If you require the use of home oxygen, there are several precautions you need to take in order to make sure you are using it safely. Most importantly, you need to know about the risks associated with home oxygen and fire. Oxygen is fuel for fire, so the presence of oxygen can cause a small fire to burn out of control very quickly. It's also important to know that if you use oxygen cylinders, the compressed oxygen can explode if exposed to high heat. To protect yourself, your family, and your home, Advanced Respiratory Care offers these tips to make sure you are using oxygen safely in your home and reducing your risk for fires.
- Oxygen canisters should be kept at least 5-10 feet away from gas stoves, lighted fireplaces, wood stoves, candles or other sources of open flames.
- Do not use electric razors while using oxygen. (These are a possible source of sparks.)

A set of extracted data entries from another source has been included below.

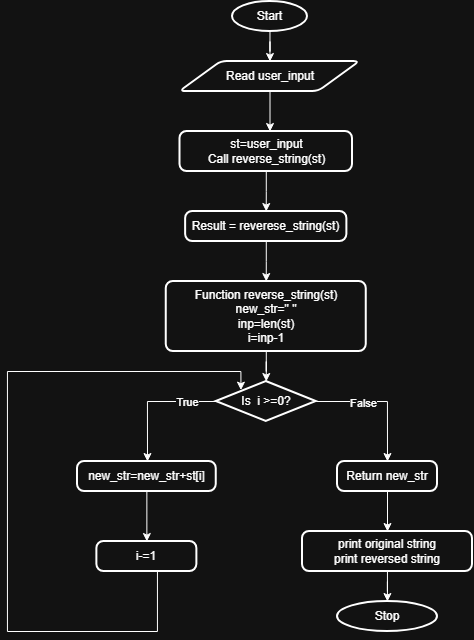

The diagram above was exported from draw.io. Its source (the exported page's mxGraphModel, read from the mxfile embedded in the PNG):
<mxGraphModel dx="1097" dy="598" grid="1" gridSize="10" guides="1" tooltips="1" connect="1" arrows="1" fold="1" page="1" pageScale="1" pageWidth="850" pageHeight="1100" math="0" shadow="0">
  <root>
    <mxCell id="0" />
    <mxCell id="1" parent="0" />
    <mxCell id="649oC-LEWftXObEqL5Ez-84" edge="1" parent="1" source="649oC-LEWftXObEqL5Ez-1" style="edgeStyle=orthogonalEdgeStyle;rounded=0;orthogonalLoop=1;jettySize=auto;html=1;" target="649oC-LEWftXObEqL5Ez-85">
      <mxGeometry relative="1" as="geometry">
        <mxPoint x="412.5" y="90" as="targetPoint" />
      </mxGeometry>
    </mxCell>
    <mxCell id="649oC-LEWftXObEqL5Ez-1" parent="1" style="strokeWidth=2;html=1;shape=mxgraph.flowchart.start_1;whiteSpace=wrap;" value="Start" vertex="1">
      <mxGeometry height="30" width="75" x="375" y="30" as="geometry" />
    </mxCell>
    <mxCell id="649oC-LEWftXObEqL5Ez-86" edge="1" parent="1" source="649oC-LEWftXObEqL5Ez-85" style="edgeStyle=orthogonalEdgeStyle;rounded=0;orthogonalLoop=1;jettySize=auto;html=1;">
      <mxGeometry relative="1" as="geometry">
        <mxPoint x="412.5" y="160.0000000000001" as="targetPoint" />
      </mxGeometry>
    </mxCell>
    <mxCell id="649oC-LEWftXObEqL5Ez-85" parent="1" style="shape=parallelogram;html=1;strokeWidth=2;perimeter=parallelogramPerimeter;whiteSpace=wrap;rounded=1;arcSize=12;size=0.23;" value="Read user_input" vertex="1">
      <mxGeometry height="30" width="180" x="322.5" y="90" as="geometry" />
    </mxCell>
    <mxCell id="649oC-LEWftXObEqL5Ez-88" edge="1" parent="1" source="649oC-LEWftXObEqL5Ez-87" style="edgeStyle=orthogonalEdgeStyle;rounded=0;orthogonalLoop=1;jettySize=auto;html=1;">
      <mxGeometry relative="1" as="geometry">
        <mxPoint x="408.75" y="240" as="targetPoint" />
      </mxGeometry>
    </mxCell>
    <mxCell id="649oC-LEWftXObEqL5Ez-87" parent="1" style="rounded=1;whiteSpace=wrap;html=1;absoluteArcSize=1;arcSize=14;strokeWidth=2;" value="st=user_input&lt;div&gt;Call reverse_string(st)&lt;/div&gt;" vertex="1">
      <mxGeometry height="40" width="172.5" x="322.5" y="160" as="geometry" />
    </mxCell>
    <mxCell id="649oC-LEWftXObEqL5Ez-90" edge="1" parent="1" source="649oC-LEWftXObEqL5Ez-89" style="edgeStyle=orthogonalEdgeStyle;rounded=0;orthogonalLoop=1;jettySize=auto;html=1;">
      <mxGeometry relative="1" as="geometry">
        <mxPoint x="408.75500000000034" y="310" as="targetPoint" />
      </mxGeometry>
    </mxCell>
    <mxCell id="649oC-LEWftXObEqL5Ez-89" parent="1" style="rounded=1;whiteSpace=wrap;html=1;absoluteArcSize=1;arcSize=14;strokeWidth=2;" value="Result = reverese_string(st)" vertex="1">
      <mxGeometry height="30" width="161.25" x="328.13" y="240" as="geometry" />
    </mxCell>
    <mxCell id="649oC-LEWftXObEqL5Ez-106" edge="1" parent="1" source="649oC-LEWftXObEqL5Ez-91" style="edgeStyle=orthogonalEdgeStyle;rounded=0;orthogonalLoop=1;jettySize=auto;html=1;" target="649oC-LEWftXObEqL5Ez-107">
      <mxGeometry relative="1" as="geometry">
        <mxPoint x="408.76" y="420" as="targetPoint" />
      </mxGeometry>
    </mxCell>
    <mxCell id="649oC-LEWftXObEqL5Ez-91" parent="1" style="rounded=1;whiteSpace=wrap;html=1;absoluteArcSize=1;arcSize=14;strokeWidth=2;" value="Function reverse_string(st)&lt;div&gt;new_str=&quot; &quot;&lt;/div&gt;&lt;div&gt;inp=len(st)&lt;/div&gt;&lt;div&gt;i=inp-1&lt;/div&gt;" vertex="1">
      <mxGeometry height="70" width="200" x="308.76" y="310" as="geometry" />
    </mxCell>
    <mxCell id="649oC-LEWftXObEqL5Ez-108" edge="1" parent="1" source="649oC-LEWftXObEqL5Ez-107" style="edgeStyle=orthogonalEdgeStyle;rounded=0;orthogonalLoop=1;jettySize=auto;html=1;">
      <mxGeometry relative="1" as="geometry">
        <Array as="points">
          <mxPoint x="290" y="430" />
        </Array>
        <mxPoint x="290" y="490" as="targetPoint" />
      </mxGeometry>
    </mxCell>
    <mxCell id="649oC-LEWftXObEqL5Ez-109" connectable="0" parent="649oC-LEWftXObEqL5Ez-108" style="edgeLabel;html=1;align=center;verticalAlign=middle;resizable=0;points=[];" value="True" vertex="1">
      <mxGeometry relative="1" x="-0.543" as="geometry">
        <mxPoint as="offset" />
      </mxGeometry>
    </mxCell>
    <mxCell id="649oC-LEWftXObEqL5Ez-111" edge="1" parent="1" source="649oC-LEWftXObEqL5Ez-107" style="edgeStyle=orthogonalEdgeStyle;rounded=0;orthogonalLoop=1;jettySize=auto;html=1;">
      <mxGeometry relative="1" as="geometry">
        <Array as="points">
          <mxPoint x="530" y="430" />
        </Array>
        <mxPoint x="530" y="490" as="targetPoint" />
      </mxGeometry>
    </mxCell>
    <mxCell id="649oC-LEWftXObEqL5Ez-112" connectable="0" parent="649oC-LEWftXObEqL5Ez-111" style="edgeLabel;html=1;align=center;verticalAlign=middle;resizable=0;points=[];" value="False" vertex="1">
      <mxGeometry relative="1" x="-0.2934" y="-1" as="geometry">
        <mxPoint as="offset" />
      </mxGeometry>
    </mxCell>
    <mxCell id="649oC-LEWftXObEqL5Ez-107" parent="1" style="strokeWidth=2;html=1;shape=mxgraph.flowchart.decision;whiteSpace=wrap;" value="Is&amp;nbsp; i &amp;gt;=0?" vertex="1">
      <mxGeometry height="40" width="100" x="358.75" y="410" as="geometry" />
    </mxCell>
    <mxCell id="649oC-LEWftXObEqL5Ez-116" edge="1" parent="1" source="649oC-LEWftXObEqL5Ez-110" style="edgeStyle=orthogonalEdgeStyle;rounded=0;orthogonalLoop=1;jettySize=auto;html=1;" target="649oC-LEWftXObEqL5Ez-117">
      <mxGeometry relative="1" as="geometry">
        <mxPoint x="289.375" y="560" as="targetPoint" />
      </mxGeometry>
    </mxCell>
    <mxCell id="649oC-LEWftXObEqL5Ez-110" parent="1" style="rounded=1;whiteSpace=wrap;html=1;absoluteArcSize=1;arcSize=14;strokeWidth=2;" value="new_str=new_str+st[i]" vertex="1">
      <mxGeometry height="30" width="138.75" x="220" y="490" as="geometry" />
    </mxCell>
    <mxCell id="649oC-LEWftXObEqL5Ez-114" edge="1" parent="1" source="649oC-LEWftXObEqL5Ez-113" style="edgeStyle=orthogonalEdgeStyle;rounded=0;orthogonalLoop=1;jettySize=auto;html=1;" target="649oC-LEWftXObEqL5Ez-115">
      <mxGeometry relative="1" as="geometry">
        <mxPoint x="530" y="550" as="targetPoint" />
      </mxGeometry>
    </mxCell>
    <mxCell id="649oC-LEWftXObEqL5Ez-113" parent="1" style="rounded=1;whiteSpace=wrap;html=1;absoluteArcSize=1;arcSize=14;strokeWidth=2;" value="Return new_str" vertex="1">
      <mxGeometry height="30" width="100" x="480" y="490" as="geometry" />
    </mxCell>
    <mxCell id="649oC-LEWftXObEqL5Ez-119" edge="1" parent="1" source="649oC-LEWftXObEqL5Ez-115" style="edgeStyle=orthogonalEdgeStyle;rounded=0;orthogonalLoop=1;jettySize=auto;html=1;" target="649oC-LEWftXObEqL5Ez-120">
      <mxGeometry relative="1" as="geometry">
        <mxPoint x="530" y="640" as="targetPoint" />
      </mxGeometry>
    </mxCell>
    <mxCell id="649oC-LEWftXObEqL5Ez-115" parent="1" style="rounded=1;whiteSpace=wrap;html=1;absoluteArcSize=1;arcSize=14;strokeWidth=2;" value="print original string&lt;div&gt;print reversed string&lt;/div&gt;" vertex="1">
      <mxGeometry height="40" width="170" x="445" y="560" as="geometry" />
    </mxCell>
    <mxCell id="649oC-LEWftXObEqL5Ez-121" edge="1" parent="1" source="649oC-LEWftXObEqL5Ez-117" style="edgeStyle=orthogonalEdgeStyle;rounded=0;orthogonalLoop=1;jettySize=auto;html=1;entryX=0.247;entryY=0.216;entryDx=0;entryDy=0;entryPerimeter=0;" target="649oC-LEWftXObEqL5Ez-107">
      <mxGeometry relative="1" as="geometry">
        <Array as="points">
          <mxPoint x="300" y="660" />
          <mxPoint x="150" y="660" />
          <mxPoint x="150" y="400" />
          <mxPoint x="383" y="400" />
        </Array>
        <mxPoint x="160" y="410" as="targetPoint" />
      </mxGeometry>
    </mxCell>
    <mxCell id="649oC-LEWftXObEqL5Ez-117" parent="1" style="rounded=1;whiteSpace=wrap;html=1;absoluteArcSize=1;arcSize=14;strokeWidth=2;" value="i-=1" vertex="1">
      <mxGeometry height="30" width="100" x="239.38" y="570" as="geometry" />
    </mxCell>
    <mxCell id="649oC-LEWftXObEqL5Ez-120" parent="1" style="strokeWidth=2;html=1;shape=mxgraph.flowchart.start_1;whiteSpace=wrap;" value="Stop" vertex="1">
      <mxGeometry height="30" width="100" x="480" y="630" as="geometry" />
    </mxCell>
  </root>
</mxGraphModel>

- Do not use oil, grease or petroleum-based products on the equipment. Do not use it near you while you use oxygen. These materials are highly flammable and will burn readily and violently in an oxygen rich environment. Avoid oil or petroleum-based lotions or creams, like Vaseline, on your face or upper chest. Check the ingredients of such products before purchase. Refrain from using aerosol sprays. If a skin moisturizer is needed, consider using cocoa butter, aloe vera or other similar products. For lubrication or re-hydration of dry nasal passages, use water-based products. Your pharmacist or care provider can suggest these.
- Never leave oxygen supply running when not in use. Oxygen can enrich various materials and cause them to become extremely flammable.
- Use your concentrator in a well-ventilated area.
- Post signs in every room where oxygen is in use. Make sure that absolutely NO SMOKING occurs in the home or in the car when oxygen is in use.
- Secure an oxygen cylinder to a solidly fixed object to avoid creating a missile out of the tank. This might happen if it was accidentally knocked over and gas was allowed to escape.
- Use caution with oxygen tubing so you do not trip over it or become entangled in furniture.
- Be familiar with the equipment and the safety checks established by your Registered Respiratory Therapist. Keep ARC Network’s contact telephone numbers, and the numbers for other emergency services, posted near a phone.
- Do not try to repair broken equipment on your own. Request this service from ARC.
- Make sure smoke detectors in the home are working, install fresh batteries, and perform monthly checks. Have a fire extinguisher available in the home (use type ABC). Create and practice an escape and rescue plan in the event of a fire.
- Notify the local fire department, gas and electric companies and telephone company when home oxygen therapy is started. Request a “priority service listing.” This is for those times when there is a power or telephone failure or repairs are needed on any utility.
- In the event of a fire, evacuate the premises immediately and contact 911. Advise the emergency operator of the presence of gas cylinders in the house. Contact ARC thereafter, when you are able.